Work task
Output, without any change, the listing below from its opening line up to and including the line with "This initially started".

-- Opening Marker --

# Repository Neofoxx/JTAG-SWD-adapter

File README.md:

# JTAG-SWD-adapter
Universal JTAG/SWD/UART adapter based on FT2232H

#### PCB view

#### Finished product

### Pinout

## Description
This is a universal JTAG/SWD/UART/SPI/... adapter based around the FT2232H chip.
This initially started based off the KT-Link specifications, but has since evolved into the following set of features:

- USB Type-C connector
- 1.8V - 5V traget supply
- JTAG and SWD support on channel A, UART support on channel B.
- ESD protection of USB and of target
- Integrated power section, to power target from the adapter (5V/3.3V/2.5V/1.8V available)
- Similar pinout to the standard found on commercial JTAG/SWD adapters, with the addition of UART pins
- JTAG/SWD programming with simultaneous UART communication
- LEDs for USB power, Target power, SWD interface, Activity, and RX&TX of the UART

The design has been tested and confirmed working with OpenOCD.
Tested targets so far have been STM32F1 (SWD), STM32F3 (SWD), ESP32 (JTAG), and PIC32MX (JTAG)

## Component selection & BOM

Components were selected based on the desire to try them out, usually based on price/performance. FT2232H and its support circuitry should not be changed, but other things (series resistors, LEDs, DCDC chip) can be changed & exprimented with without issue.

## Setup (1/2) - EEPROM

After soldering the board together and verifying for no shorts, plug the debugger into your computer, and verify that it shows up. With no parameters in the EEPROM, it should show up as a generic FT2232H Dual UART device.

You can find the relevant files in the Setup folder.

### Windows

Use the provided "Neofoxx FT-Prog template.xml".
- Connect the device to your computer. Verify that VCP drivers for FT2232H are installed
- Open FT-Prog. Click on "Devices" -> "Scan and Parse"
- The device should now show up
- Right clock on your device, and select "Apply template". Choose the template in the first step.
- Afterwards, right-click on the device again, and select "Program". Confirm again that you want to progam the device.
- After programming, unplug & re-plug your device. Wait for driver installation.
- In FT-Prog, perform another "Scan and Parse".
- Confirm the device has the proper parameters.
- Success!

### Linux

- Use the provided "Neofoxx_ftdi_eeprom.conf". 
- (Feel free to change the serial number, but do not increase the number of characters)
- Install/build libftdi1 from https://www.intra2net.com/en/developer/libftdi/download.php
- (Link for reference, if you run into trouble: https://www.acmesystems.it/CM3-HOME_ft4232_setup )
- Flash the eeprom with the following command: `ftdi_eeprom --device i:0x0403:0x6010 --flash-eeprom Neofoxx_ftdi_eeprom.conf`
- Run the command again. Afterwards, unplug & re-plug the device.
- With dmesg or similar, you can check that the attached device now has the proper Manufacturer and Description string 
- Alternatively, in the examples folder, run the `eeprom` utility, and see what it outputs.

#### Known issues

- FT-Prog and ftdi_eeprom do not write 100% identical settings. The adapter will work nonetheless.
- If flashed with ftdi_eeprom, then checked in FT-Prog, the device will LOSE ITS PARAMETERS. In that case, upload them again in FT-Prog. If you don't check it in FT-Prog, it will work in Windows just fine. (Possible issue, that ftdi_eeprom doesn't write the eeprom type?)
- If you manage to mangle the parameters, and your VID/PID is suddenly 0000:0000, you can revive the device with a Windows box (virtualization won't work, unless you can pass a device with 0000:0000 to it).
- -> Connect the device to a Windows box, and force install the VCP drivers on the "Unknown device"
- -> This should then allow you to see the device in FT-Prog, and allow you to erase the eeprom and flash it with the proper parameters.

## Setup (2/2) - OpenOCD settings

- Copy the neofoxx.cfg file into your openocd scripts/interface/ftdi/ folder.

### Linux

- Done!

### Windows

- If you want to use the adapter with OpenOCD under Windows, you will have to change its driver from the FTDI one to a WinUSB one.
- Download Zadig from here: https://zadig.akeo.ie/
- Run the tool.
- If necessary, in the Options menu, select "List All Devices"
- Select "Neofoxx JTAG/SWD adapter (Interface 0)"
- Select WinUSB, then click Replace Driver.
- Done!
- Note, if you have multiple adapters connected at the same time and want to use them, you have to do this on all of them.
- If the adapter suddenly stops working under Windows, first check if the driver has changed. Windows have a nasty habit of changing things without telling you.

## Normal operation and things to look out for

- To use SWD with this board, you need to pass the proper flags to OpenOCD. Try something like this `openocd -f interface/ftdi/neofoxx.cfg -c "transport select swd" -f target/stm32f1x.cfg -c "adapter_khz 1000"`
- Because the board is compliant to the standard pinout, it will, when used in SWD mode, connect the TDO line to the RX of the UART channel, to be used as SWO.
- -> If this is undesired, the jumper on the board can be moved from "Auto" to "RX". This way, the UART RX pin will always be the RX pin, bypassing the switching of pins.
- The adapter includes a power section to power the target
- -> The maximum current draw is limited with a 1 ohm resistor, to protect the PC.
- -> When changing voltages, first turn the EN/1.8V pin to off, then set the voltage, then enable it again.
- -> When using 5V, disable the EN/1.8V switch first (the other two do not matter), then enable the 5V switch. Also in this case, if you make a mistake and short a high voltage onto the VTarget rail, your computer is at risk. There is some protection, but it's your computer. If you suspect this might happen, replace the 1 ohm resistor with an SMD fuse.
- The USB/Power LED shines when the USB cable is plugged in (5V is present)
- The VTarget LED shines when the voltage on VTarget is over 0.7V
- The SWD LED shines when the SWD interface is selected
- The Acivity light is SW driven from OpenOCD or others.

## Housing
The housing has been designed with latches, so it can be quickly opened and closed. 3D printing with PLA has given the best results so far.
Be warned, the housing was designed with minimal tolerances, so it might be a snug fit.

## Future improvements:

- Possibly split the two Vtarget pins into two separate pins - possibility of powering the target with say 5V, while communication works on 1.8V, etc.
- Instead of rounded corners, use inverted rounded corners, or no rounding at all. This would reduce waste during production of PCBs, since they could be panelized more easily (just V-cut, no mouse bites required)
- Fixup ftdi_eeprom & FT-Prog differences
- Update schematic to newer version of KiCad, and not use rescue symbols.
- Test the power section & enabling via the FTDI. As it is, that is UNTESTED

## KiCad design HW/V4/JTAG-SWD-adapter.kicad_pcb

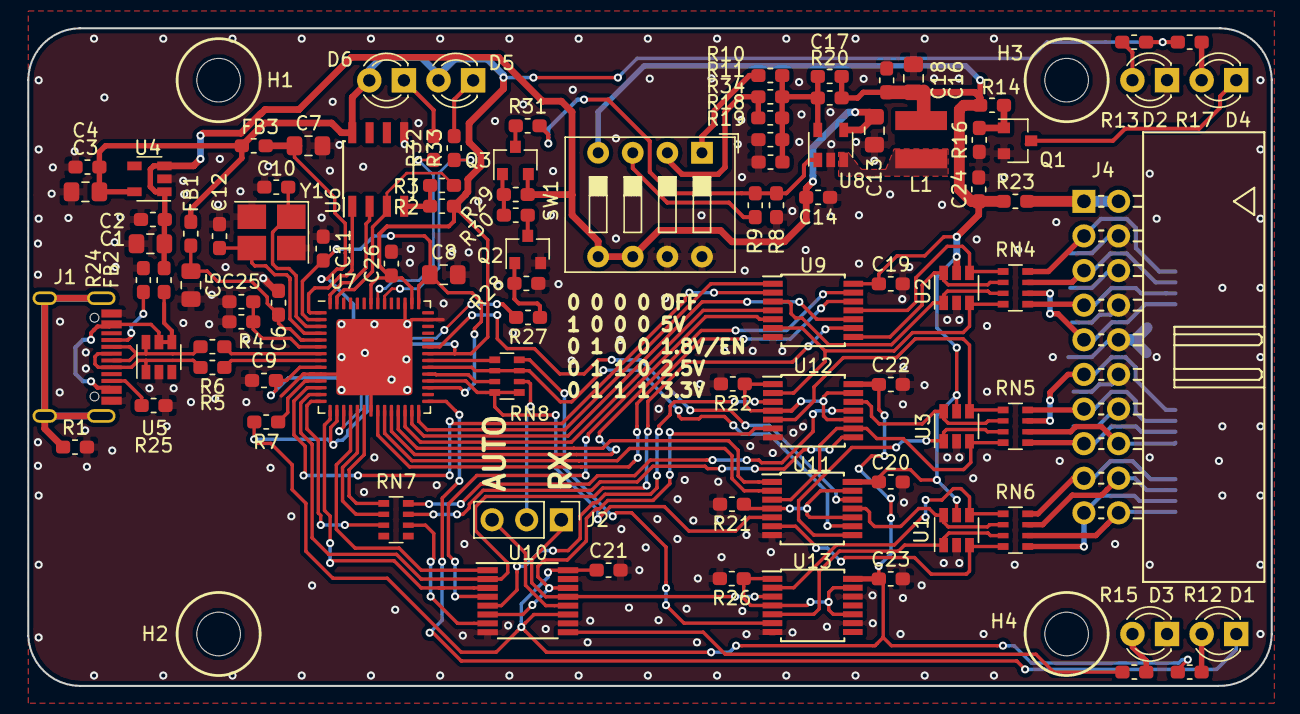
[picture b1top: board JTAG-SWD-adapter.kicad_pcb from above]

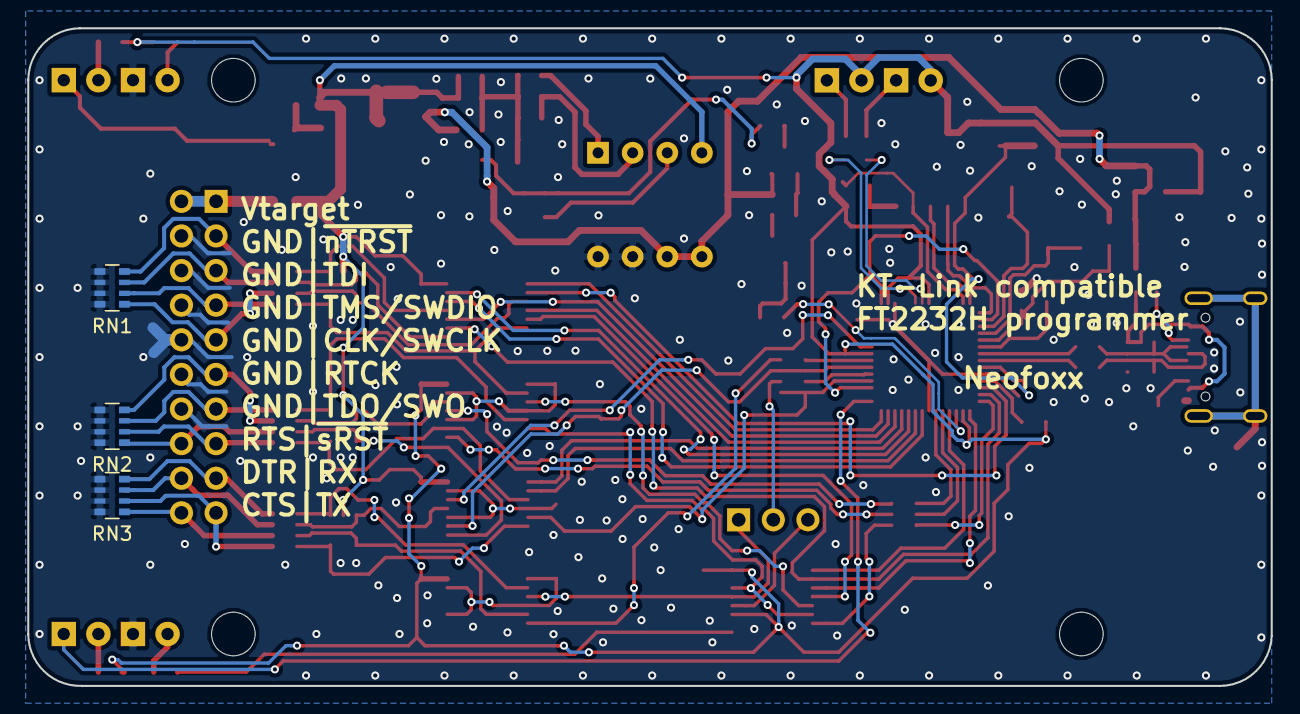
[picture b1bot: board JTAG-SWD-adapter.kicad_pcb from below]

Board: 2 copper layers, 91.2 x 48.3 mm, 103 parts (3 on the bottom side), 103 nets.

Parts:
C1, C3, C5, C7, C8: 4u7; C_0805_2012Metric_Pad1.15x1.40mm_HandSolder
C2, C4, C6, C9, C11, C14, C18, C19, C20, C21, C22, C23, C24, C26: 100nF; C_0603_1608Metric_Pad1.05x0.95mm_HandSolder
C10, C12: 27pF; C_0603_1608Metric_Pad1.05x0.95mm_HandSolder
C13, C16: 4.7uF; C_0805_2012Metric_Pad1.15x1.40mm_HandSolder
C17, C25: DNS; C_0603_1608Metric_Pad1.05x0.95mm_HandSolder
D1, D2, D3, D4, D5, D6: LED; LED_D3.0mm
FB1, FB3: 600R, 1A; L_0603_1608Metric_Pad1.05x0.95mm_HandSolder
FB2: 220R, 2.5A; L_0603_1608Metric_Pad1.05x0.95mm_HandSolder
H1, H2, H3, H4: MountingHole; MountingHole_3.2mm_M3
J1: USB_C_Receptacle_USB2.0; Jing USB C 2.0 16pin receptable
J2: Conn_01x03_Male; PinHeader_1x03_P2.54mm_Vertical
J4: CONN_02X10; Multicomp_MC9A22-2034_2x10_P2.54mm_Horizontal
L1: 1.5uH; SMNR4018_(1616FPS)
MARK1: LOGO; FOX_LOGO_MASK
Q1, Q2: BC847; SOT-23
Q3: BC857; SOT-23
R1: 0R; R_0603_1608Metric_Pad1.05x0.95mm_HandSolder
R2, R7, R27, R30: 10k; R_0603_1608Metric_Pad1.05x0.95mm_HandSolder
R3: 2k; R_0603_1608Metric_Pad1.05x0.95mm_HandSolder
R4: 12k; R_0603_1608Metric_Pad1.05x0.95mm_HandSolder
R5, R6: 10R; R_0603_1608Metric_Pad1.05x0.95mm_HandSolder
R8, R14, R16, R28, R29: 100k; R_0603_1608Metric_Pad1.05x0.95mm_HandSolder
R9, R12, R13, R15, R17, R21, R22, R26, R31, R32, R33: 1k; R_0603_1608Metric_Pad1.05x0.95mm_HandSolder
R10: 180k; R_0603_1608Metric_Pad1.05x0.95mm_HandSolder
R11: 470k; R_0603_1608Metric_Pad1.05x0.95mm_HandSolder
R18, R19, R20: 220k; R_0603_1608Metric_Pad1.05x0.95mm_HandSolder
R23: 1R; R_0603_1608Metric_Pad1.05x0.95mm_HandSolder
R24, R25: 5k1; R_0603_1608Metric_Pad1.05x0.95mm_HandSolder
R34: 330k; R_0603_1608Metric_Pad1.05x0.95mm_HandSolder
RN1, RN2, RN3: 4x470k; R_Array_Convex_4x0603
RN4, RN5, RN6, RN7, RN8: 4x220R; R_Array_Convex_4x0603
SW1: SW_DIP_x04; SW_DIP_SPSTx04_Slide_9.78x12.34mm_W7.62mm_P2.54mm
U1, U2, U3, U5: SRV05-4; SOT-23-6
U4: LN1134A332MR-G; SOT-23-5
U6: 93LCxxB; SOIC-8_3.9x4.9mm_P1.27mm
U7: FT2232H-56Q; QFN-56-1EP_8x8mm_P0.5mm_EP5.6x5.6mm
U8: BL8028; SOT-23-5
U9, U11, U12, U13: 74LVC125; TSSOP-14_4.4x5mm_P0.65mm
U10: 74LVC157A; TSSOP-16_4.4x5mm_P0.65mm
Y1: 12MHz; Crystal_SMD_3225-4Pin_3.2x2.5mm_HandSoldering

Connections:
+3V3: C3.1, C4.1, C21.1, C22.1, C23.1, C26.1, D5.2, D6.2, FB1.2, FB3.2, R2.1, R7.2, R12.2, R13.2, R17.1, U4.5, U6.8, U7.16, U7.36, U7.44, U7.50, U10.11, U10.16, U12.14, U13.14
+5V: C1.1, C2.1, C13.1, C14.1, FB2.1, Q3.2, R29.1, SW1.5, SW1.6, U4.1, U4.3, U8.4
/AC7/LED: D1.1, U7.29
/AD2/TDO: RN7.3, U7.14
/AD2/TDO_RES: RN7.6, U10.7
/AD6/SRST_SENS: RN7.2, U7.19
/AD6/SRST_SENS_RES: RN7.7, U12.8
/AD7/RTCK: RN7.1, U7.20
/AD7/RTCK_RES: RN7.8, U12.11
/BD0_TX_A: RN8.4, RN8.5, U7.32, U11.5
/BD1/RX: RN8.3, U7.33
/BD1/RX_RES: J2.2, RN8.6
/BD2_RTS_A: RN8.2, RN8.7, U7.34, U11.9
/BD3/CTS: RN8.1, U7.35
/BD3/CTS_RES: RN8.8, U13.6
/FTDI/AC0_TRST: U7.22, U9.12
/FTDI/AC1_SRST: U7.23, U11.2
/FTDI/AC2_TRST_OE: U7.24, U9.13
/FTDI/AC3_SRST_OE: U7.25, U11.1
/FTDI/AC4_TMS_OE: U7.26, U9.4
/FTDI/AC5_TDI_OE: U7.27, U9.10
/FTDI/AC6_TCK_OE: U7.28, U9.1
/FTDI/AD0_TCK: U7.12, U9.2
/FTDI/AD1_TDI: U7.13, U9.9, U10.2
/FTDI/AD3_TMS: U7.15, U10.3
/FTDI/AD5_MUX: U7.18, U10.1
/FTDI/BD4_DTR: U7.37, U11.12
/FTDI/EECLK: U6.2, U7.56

-- Closing Marker --

Final answer
# Repository Neofoxx/JTAG-SWD-adapter

File README.md:

# JTAG-SWD-adapter
Universal JTAG/SWD/UART adapter based on FT2232H

#### PCB view

#### Finished product

### Pinout

## Description
This is a universal JTAG/SWD/UART/SPI/... adapter based around the FT2232H chip.
This initially started based off the KT-Link specifications, but has since evolved into the following set of features:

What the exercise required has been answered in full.